Gilbert Ballet (March 29, 1853 - March 17, 1916) was a French psychiatrist, neurologist and historian who was a native of Ambazac in the department of Haute-Vienne.

He studied medicine in Limoges and Paris, and subsequently became Chef de clinique under Jean-Martin Charcot (1825–1893) at the Salpêtrière. In 1900 he became a professor of psychiatry, and in 1904 established the department of psychiatry at Hôtel-Dieu de Paris. In 1909 he succeeded Alix Joffroy as chair of clinical psychiatry and brain disorders at the Hôpital Sainte-Anne.

In 1909 Ballet was elected president of the Société française d'histoire de la médecine, and in 1912 became a member of the Académie des sciences.

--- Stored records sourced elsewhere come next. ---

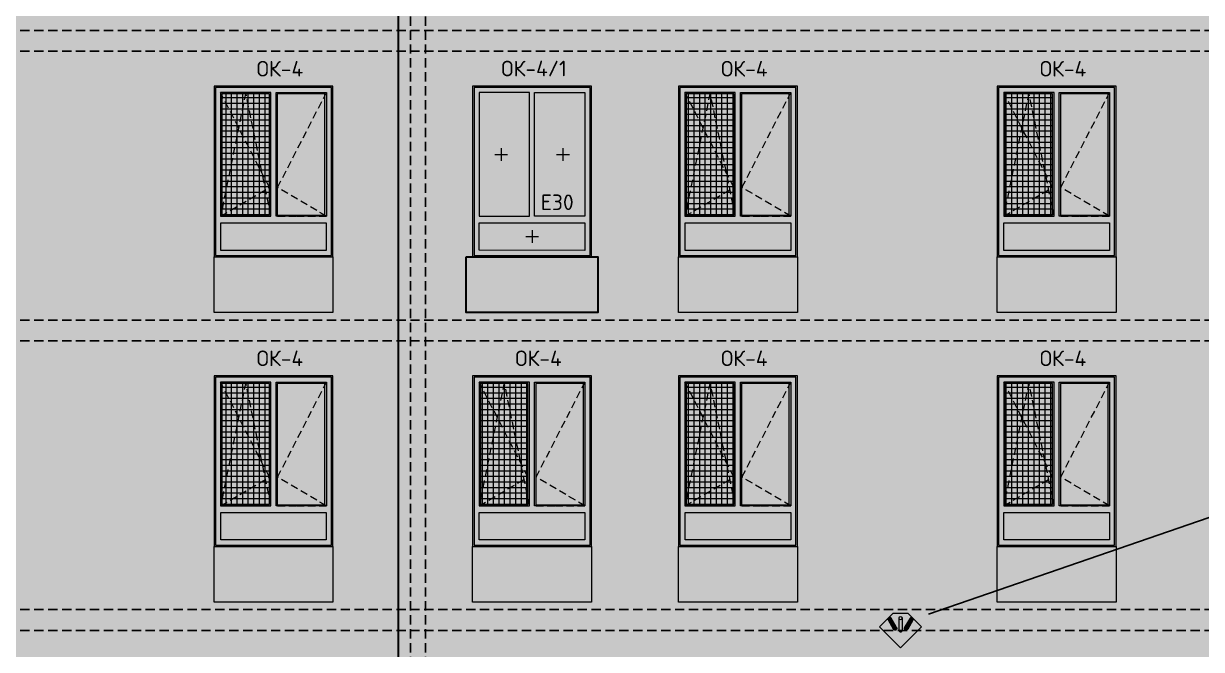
# Model space of a CAD drawing. Header units: millimetres. Extents: x -136099598 to 9192475, y 0 to 347021.
# Drawn here: x -299725 to -283872, y 291967 to 300397 of the extents above; entities that cross this region are included whole.
import ezdxf
from ezdxf import colors
from ezdxf.entities.mleader import LeaderData, LeaderLine
from ezdxf.math import Vec2, Vec3

# ---------------------------------------------------------------- set-up
doc = ezdxf.new("R2010")
doc.units = ezdxf.units.MM
doc.header["$MEASUREMENT"] = 0
doc.linetypes.add('01_base$0$DASHED2', pattern=[0.375, 0.25, -0.125])
doc.linetypes.add('ADSK_Штриховая_ш2 п1', pattern=[3, 2, -1])
doc.layers.get('0').update_dxf_attribs({"color": 250, "lineweight": 9})
doc.layers.get('Defpoints').update_dxf_attribs({"color": 8})
for name, color, linetype, lineweight, true_color in [('!_Окно_00_Штрих_Стекло', 7, 'Continuous', 0, 0x737373), ('RAL 000 80 00', 7, 'Continuous', 0, 0xb9b8b6), ('RAL 100 6030', 7, 'Continuous', 0, 0x989057), ('RAL 7016', 7, 'Continuous', 0, 0x383e42), ('RAL 90 10', 7, 'Continuous', 0, 0xf1ece1)]:
    doc.layers.add(name, color=color, linetype=linetype, lineweight=lineweight, true_color=true_color)
for name, color, linetype, lineweight in [('_0', 250, 'Continuous', 9), ('ОБОРУДОВАНИЕ', 253, 'Continuous', 5), ('Подвал', 250, 'ADSK_Штриховая_ш2 п1', 30), ('СТЕНЫ кирпич ЛИДЕР', 250, 'Continuous', 15)]:
    doc.layers.add(name, color=color, linetype=linetype, lineweight=lineweight)
for name, color, linetype in [('PDF _0', 7, 'Continuous'), ('PDF _PDF _0', 7, 'Continuous'), ('PDF _Текст', 7, 'Continuous')]:
    doc.layers.add(name, color=color, linetype=linetype)
doc.layers.add('АР-Выноски', color=5, linetype='Continuous', lineweight=5, plot=False)
doc.styles.add('ICOCPEUR', font='isocpeur.ttf')
doc.styles.add('ISOCPEUR', font='isocpeur.ttf', dxfattribs={"width": 0.7})
doc.styles.add('PDF ISOCPEUR', font='isocpeur.ttf')
doc.styles.add('Архитектурный', font='isocpeur.ttf', dxfattribs={"width": 0.7})
doc.dimstyles.new('R_100', dxfattribs={"dimtxt": 270, "dimasz": 120, "dimexe": 100, "dimexo": 100, "dimgap": 80, "dimtad": 1, "dimdec": 0, "dimrnd": 5, "dimzin": 0, "dimdsep": 46, "dimtxsty": 'ISOCPEUR', "dimblk": 'ARCHTICK', "dimcen": 100, "dimdle": 100, "dimclrd": 256, "dimclre": 256, "dimclrt": 256, "dimadec": 0, "dimazin": 0, "dimtfac": 2, "dimtdec": 0, "dimtofl": 0, "dimtmove": 1, "dimatfit": 3, "dimfxl": 1, "dimtvp": 3, "dimtfill": 1, "dimtolj": 1, "dimtzin": 0, "dimarcsym": 0})

# ---------------------------------------------------------------- blocks, each defined once
blk = doc.blocks.new('A$Cbb492947')
at = {"layer": '!_Окно_00_Штрих_Стекло'}
h = blk.add_hatch(color=256, dxfattribs=at)
h.dxf.hatch_style = 1
h.set_gradient(color1=(70, 92, 124), color2=(219, 225, 235), name='CURVED')
h.paths.add_polyline_path([(1492.596321599558, 89.00270338060545), (1492.596321599558, 2213.26939832367), (90.0008705163055, 2212.255993676427), (90.00087051630544, 87.98929873336238)])
at = {"layer": 'PDF _PDF _0', "lineweight": 0, "true_color": 0x636466}
h = blk.add_hatch(dxfattribs=at)
h.set_pattern_fill('ANSI37', color=251, scale=600, angle=135)
h.set_pattern_definition([(180, (0, 0), (-7.105427357601002e-15, -75), []), (270, (0, 0), (75, -1.4210854715202e-14), [])])
h.paths.add_polyline_path([(745.785901600495, 564.367503027077), (745.785901600495, 2196.819007847347), (105, 2195.805603200104), (105, 563.3540983798339)])
at = {"layer": 'RAL 7016'}
h = blk.add_hatch(color=256, dxfattribs=at)
h.dxf.hatch_style = 1
h.paths.add_polyline_path([(1601.510507199913, 2300.805603200104), (0, 2300.805603200104), (0, 0), (1601.510507199913, 0)])
h.paths.add_polyline_path([(851.810419999063, 2195.805603200105), (1492.596321599558, 2195.805603200105), (1492.596321599558, 564.367503027077), (851.810419999063, 563.3540983798339)], flags=16)
h.paths.add_polyline_path([(745.785901600495, 2195.805603200105), (745.785901600495, 564.367503027077), (105.0080364551634, 563.3540983798337), (104.9919635448366, 2195.87837618453)], flags=16)
h.paths.add_polyline_path([(1511.502587020813, 459.4483360000886), (1511.519297894976, 87.98922437573245), (90.01169981785807, 87.98929873336245), (89.98917069844737, 459.4483360000886)], flags=16)
at = {"layer": 'PDF _0', "linetype": 'ADSK_Штриховая_ш2 п1', "lineweight": 0, "ltscale": 50}
for points in [[(765.7859016004951, 552.2503896376193), (427.3500436004251, 2212.762696000049), (88.91418926464394, 548.4238148743752), (745.785901600495, 935.0000000000003), (88.91418560035527, 2212.762696000049)], [(855.7246055994183, 548.4238148743752), (1114.160463599488, 548.4238148743752), (1512.596317935269, 548.4238148743752), (855.7246055994183, 935.0000000000003), (1512.596321599558, 2212.762696000049)]]:
    blk.add_lwpolyline(points, dxfattribs=at)
at = {"layer": 'PDF _PDF _0', "lineweight": 0}
for points in [[(0, 0), (1601.510507199913, 0), (1601.510507199913, 2300.805603200104), (0, 2300.805603200104)], [(20, 20), (1581.510507199913, 20), (1581.510507199913, 2280.805603200104), (20, 2280.805603200104)], [(88.91418560035527, 548.4238148743752), (765.785901600495, 548.4238148743752), (765.785901600495, 2212.762696000049), (88.91418560035527, 2212.762696000049)], [(105, 563.3540983798339), (745.785901600495, 564.367503027077), (745.7859016004948, 2195.805603200105), (105, 2195.805603200104)], [(1512.596321599558, 548.4238148743752), (835.7246055994183, 548.4238148743752), (835.7246055994183, 2212.762696000049), (1512.596321599558, 2212.762696000049)], [(851.810419999063, 563.3540983798339), (1492.596321599558, 564.367503027077), (1492.596321599558, 2195.805603200105), (851.810419999063, 2195.805603200104)], [(1511.509636683608, 87.9892731999862), (90.00087051630544, 87.98929873336245), (90, 459.4483360000886), (1511.512248232524, 459.4483360000886)]]:
    blk.add_lwpolyline(points, close=True, dxfattribs=at)
at = {"layer": 'PDF _Текст', "lineweight": 0, "insert": (574, 2429), "char_height": 209.9930287715913, "attachment_point": 7, "style": 'PDF ISOCPEUR'}
blk.add_mtext('ОК-4', dxfattribs=at)
blk = doc.blocks.new('A$Cbac6e4b7')
at = {"layer": 'RAL 100 6030'}
h = blk.add_hatch(color=256, dxfattribs=at)
h.dxf.hatch_style = 1
h.paths.add_polyline_path([(1601.510507199913, 748.4301744298427), (0, 748.4301744000404), (0, 5.960464477539062e-08), (1601.510507199913, 8.940696716308594e-08)])
at = {"layer": 'СТЕНЫ кирпич ЛИДЕР', "ltscale": 100}
blk.add_lwpolyline([(0, 748.4301744000404), (1601.510507199913, 748.4301744000404), (1601.510507199913, 0), (0, 0)], close=True, dxfattribs=at)
blk = doc.blocks.new('A$C62938759')
at = {"layer": '!_Окно_00_Штрих_Стекло'}
h = blk.add_hatch(color=256, dxfattribs=at)
h.dxf.hatch_style = 1
h.set_gradient(color1=(70, 92, 124), color2=(219, 225, 235), name='CURVED')
h.paths.add_polyline_path([(-1094.904091397766, 512.982847109437), (-332.3163141452824, 512.9828471094369), (-333.7484366499702, -1151.356034016237), (-1094.904091397766, -1151.356034016237)])
h.paths.add_polyline_path([(498.7780446014367, 513.2361982712464), (-263.093671398703, 512.4761447858182), (-263.093671398703, -1151.356034016237), (498.7780446014367, -1151.609385178046)])
h.paths.add_polyline_path([(-1093.604697208851, -1239.326149490516), (497.9058099967184, -1241.33687629053), (497.4795209316177, -1610.784008779958), (-1094.030986273952, -1608.773281979944)])
at = {"layer": 'RAL 7016'}
h = blk.add_hatch(color=256, dxfattribs=at)
h.dxf.hatch_style = 1
h.paths.add_polyline_path([(502.692230201792, 601.0257543094922), (-1098.818276998121, 601.0257543094922), (-1098.818276998121, -1699.779848890612), (502.692230201792, -1699.779848890612)])
h.paths.add_polyline_path([(-262.2881804743956, 512.6568897600228), (414.5835355257441, 512.9828471094224), (412.9725536771293, -1151.356034016222), (-263.8991623230104, -1151.68199136568)], flags=16)
h.paths.add_polyline_path([(-333.0484483079636, 512.9828471094371), (-333.0163024872891, -1151.356034016237), (-1009.896054942597, -1151.356034016237), (-1009.912127852935, 512.9828471094368)], flags=16)
h.paths.add_polyline_path([(412.6705758909523, -1240.726290761185), (412.714763613489, -1610.174754231199), (-1008.795747879185, -1608.774347847476), (-1008.839935601721, -1239.325884377461)], flags=16)
at = {"layer": 'PDF _PDF _0', "lineweight": 0}
for p, q in [((-713.9682333976962, -232.9608395041206), (-713.9682333976962, -405.4123474026793)), ((117.8421866013668, -232.9608395041206), (117.8421866013668, -405.4123474026793)), ((-800.1939873469755, -319.1865934534), (-627.7424794484168, -319.1865934534)), ((31.6164326520875, -319.1865934534), (204.0679405506462, -319.1865934534)), ((-382.8447048203091, -1425.057437616812), (-210.3931969217504, -1425.057437616812)), ((-296.6189508710297, -1338.831683667533), (-296.6189508710297, -1511.283191566091))]:
    blk.add_line(p, q, dxfattribs=at)
for points in [[(-1098.818276998121, -1699.779848890612), (502.692230201792, -1699.779848890612), (502.692230201792, 601.0257543094922), (-1098.818276998121, 601.0257543094922)], [(-1078.818276998121, -1679.779848890612), (482.692230201792, -1679.779848890612), (482.692230201792, 581.0257543094922), (-1078.818276998121, 581.0257543094922)], [(-1009.904091397766, -1151.356034016237), (-333.0323753976263, -1151.356034016237), (-333.0323753976263, 512.982847109437), (-1009.904091397766, 512.982847109437)], [(413.7780446014367, -1151.356034016237), (-263.093671398703, -1151.356034016237), (-263.093671398703, 512.982847109437), (413.7780446014367, 512.982847109437)], [(412.6913596855011, -1611.790575690626), (-1008.81740648183, -1607.769122090598), (-1008.818276998121, -1240.331512890523), (412.6939712343737, -1240.331512890523)]]:
    blk.add_lwpolyline(points, close=True, dxfattribs=at)
at = {"layer": 'PDF _Текст', "lineweight": 0, "insert": (-712.6320505811818, 732), "char_height": 209.9930287715913, "attachment_point": 7, "style": 'PDF ISOCPEUR'}
blk.add_mtext('ОК-4/1', dxfattribs=at)
at = {"layer": 'PDF _Текст', "color": 1, "lineweight": 0, "insert": (-180.4391175319852, -1068.851499538328), "char_height": 209.9930287715913, "attachment_point": 7, "style": 'PDF ISOCPEUR'}
blk.add_mtext('E30', dxfattribs=at)
blk = doc.blocks.new('A$C68e30825')
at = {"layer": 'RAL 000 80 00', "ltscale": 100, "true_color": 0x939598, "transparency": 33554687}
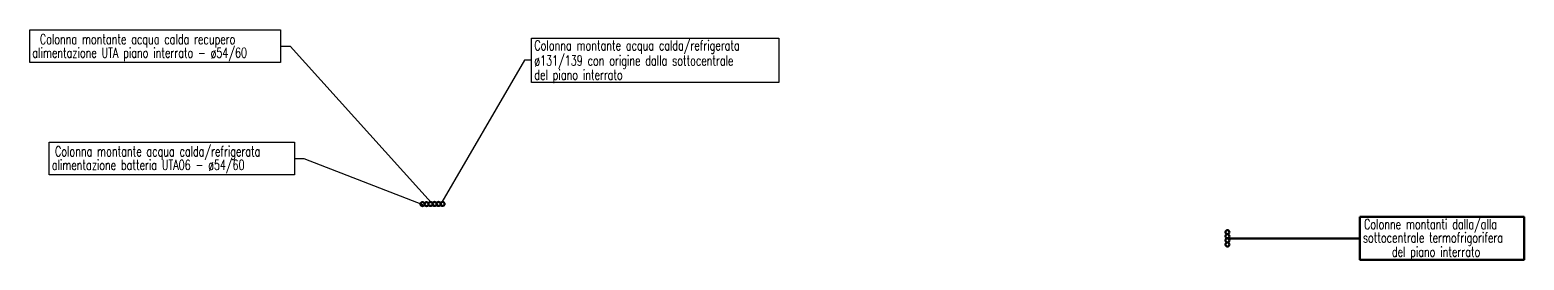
# Model space of a CAD drawing. Header units: millimetres. Extents: x -3782782348 to 131293, y -36553 to 57271.
# Drawn here: x 90654 to 94381, y 12953 to 13527 of the extents above; entities that cross this region are included whole.
import ezdxf

# ---------------------------------------------------------------- set-up
doc = ezdxf.new("R2010")
doc.units = ezdxf.units.MM
doc.header["$LTSCALE"] = 0.01
doc.layers.add('ESTRAZ', color=2, linetype='Continuous')
doc.layers.add('tubi_uta', color=253, linetype='Continuous', lineweight=50)
doc.styles.add('ROMANS', font='romans')

msp = doc.modelspace()

# ---------------------------------------------------------------- linework, layer by layer
at = {"color": 1}
for p, q in [((91279, 13486.4, 0), (91302.7, 13486.4, 0)), ((91302.7, 13486.4, 0), (91661.9, 13088.9, 0)), ((91887, 13451.6, 0), (91675.1, 13087.8)), ((91904.9, 13451.6, 0), (91887, 13451.6, 0)), ((91313.5, 13206.8, 0), (91337.2, 13206.8, 0)), ((91337.2, 13206.8, 0), (91632.9, 13091.8))]:
    msp.add_line(p, q, dxfattribs=at)
at = {"color": 1, "elevation": 0}
for points in [[(90653.6, 13527.1), (91279, 13527.1), (91279, 13445.8), (90653.6, 13445.8)], [(91904.9, 13506.9), (92522.1, 13506.9), (92522.1, 13396.2), (91904.9, 13396.2)], [(90702.1, 13247.5), (91313.5, 13247.5), (91313.5, 13166.2), (90702.1, 13166.2)]]:
    msp.add_lwpolyline(points, close=True, dxfattribs=at)
at = {"layer": 'tubi_uta', "color": 1}
msp.add_line((93647.1, 13007.6, 0), (93971, 13007.6, 0), dxfattribs=at)
at = {"layer": 'tubi_uta', "color": 1, "elevation": 0}
msp.add_lwpolyline([(93971.2, 13061), (93971.2, 12954.1), (94381, 12954.1), (94381, 13061)], close=True, dxfattribs=at)
at = {"layer": 'tubi_uta', "color": 6}
for centre in [(91633, 13092.9, 0), (91643.1, 13092.9, 0), (91673, 13093.3, 0), (91683, 13093.3, 0), (93640.9, 13023.1), (93640.9, 13012.9), (93640.9, 13002.6), (93640.9, 12992.3)]:
    msp.add_circle(centre, 5, dxfattribs=at)
at = {"layer": 'tubi_uta', "color": 30, "ltscale": 0.01}
for centre in [(91652.9, 13093.3, 0), (91663, 13093.3, 0)]:
    msp.add_circle(centre, 5, dxfattribs=at)

# ---------------------------------------------------------------- texts
at = {"layer": 'ESTRAZ', "color": 3, "style": 'ROMANS', "width": 0.7}
for s, p in [('Colonna montante acqua calda recupero', (90678.5, 13491.6, 0)), ('Colonna montante acqua calda/refrigerata', (91912.1, 13476.1, 0)), ('alimentazione UTA piano interrato - ø54/60', (90659.8, 13457.8, 0)), ('ø131/139 con origine dalla sottocentrale ', (91912.1, 13438.3, 0)), ('del piano interrato', (91912.1, 13402.8, 0)), ('Colonna montante acqua calda/refrigerata ', (90716.3, 13212, 0)), ('alimentazione batteria UTA06 - ø54/60', (90708.3, 13178.2, 0)), ('Colonne montanti dalla/alla', (93981.8, 13030.5, 0)), ('sottocentrale termofrigorifera', (93978.9, 12997.1, 0)), ('del piano interrato', (94051, 12961.8, 0))]:
    msp.add_text(s, height=25, dxfattribs=at).set_placement(p)

doc.saveas('drawing.dxf')

Ballet is remembered for his 1903 publication of Traité de pathologie mentale, which remained a principal reference book on psychiatry for nearly fifty years in France. In 1911 Ballet described a disorder he called psychose hallucinatoire chronique, being defined as chronic delirium that consists primarily of hallucinations. In French psychiatry, "chronic hallucinatory psychosis" was to become classified as a distinct entity, separate from other self-delusional disorders.

Among his other works were a 1888 publication on inner speech in aphasia, Le Langage Interieur et les Diverses Formes de l'Aphasie, an 1897 treatise on hypochondria and paranoia titled Psychoses et affections nerveuses, and an historical biography on philosopher Emanuel Swedenborg ("Swedenborg; histoire d'un visionnaire aux XVIIIe siècle"). With Adrien Proust, he published L'Hygiène du neurasthénique, a book that was later translated into English and published as "The Treatment of Neurasthenia".

== Associated eponym ==
- "Ballet's sign": Palsy affecting one or more extraocular muscles, commonly associated with Graves' ophthalmopathy.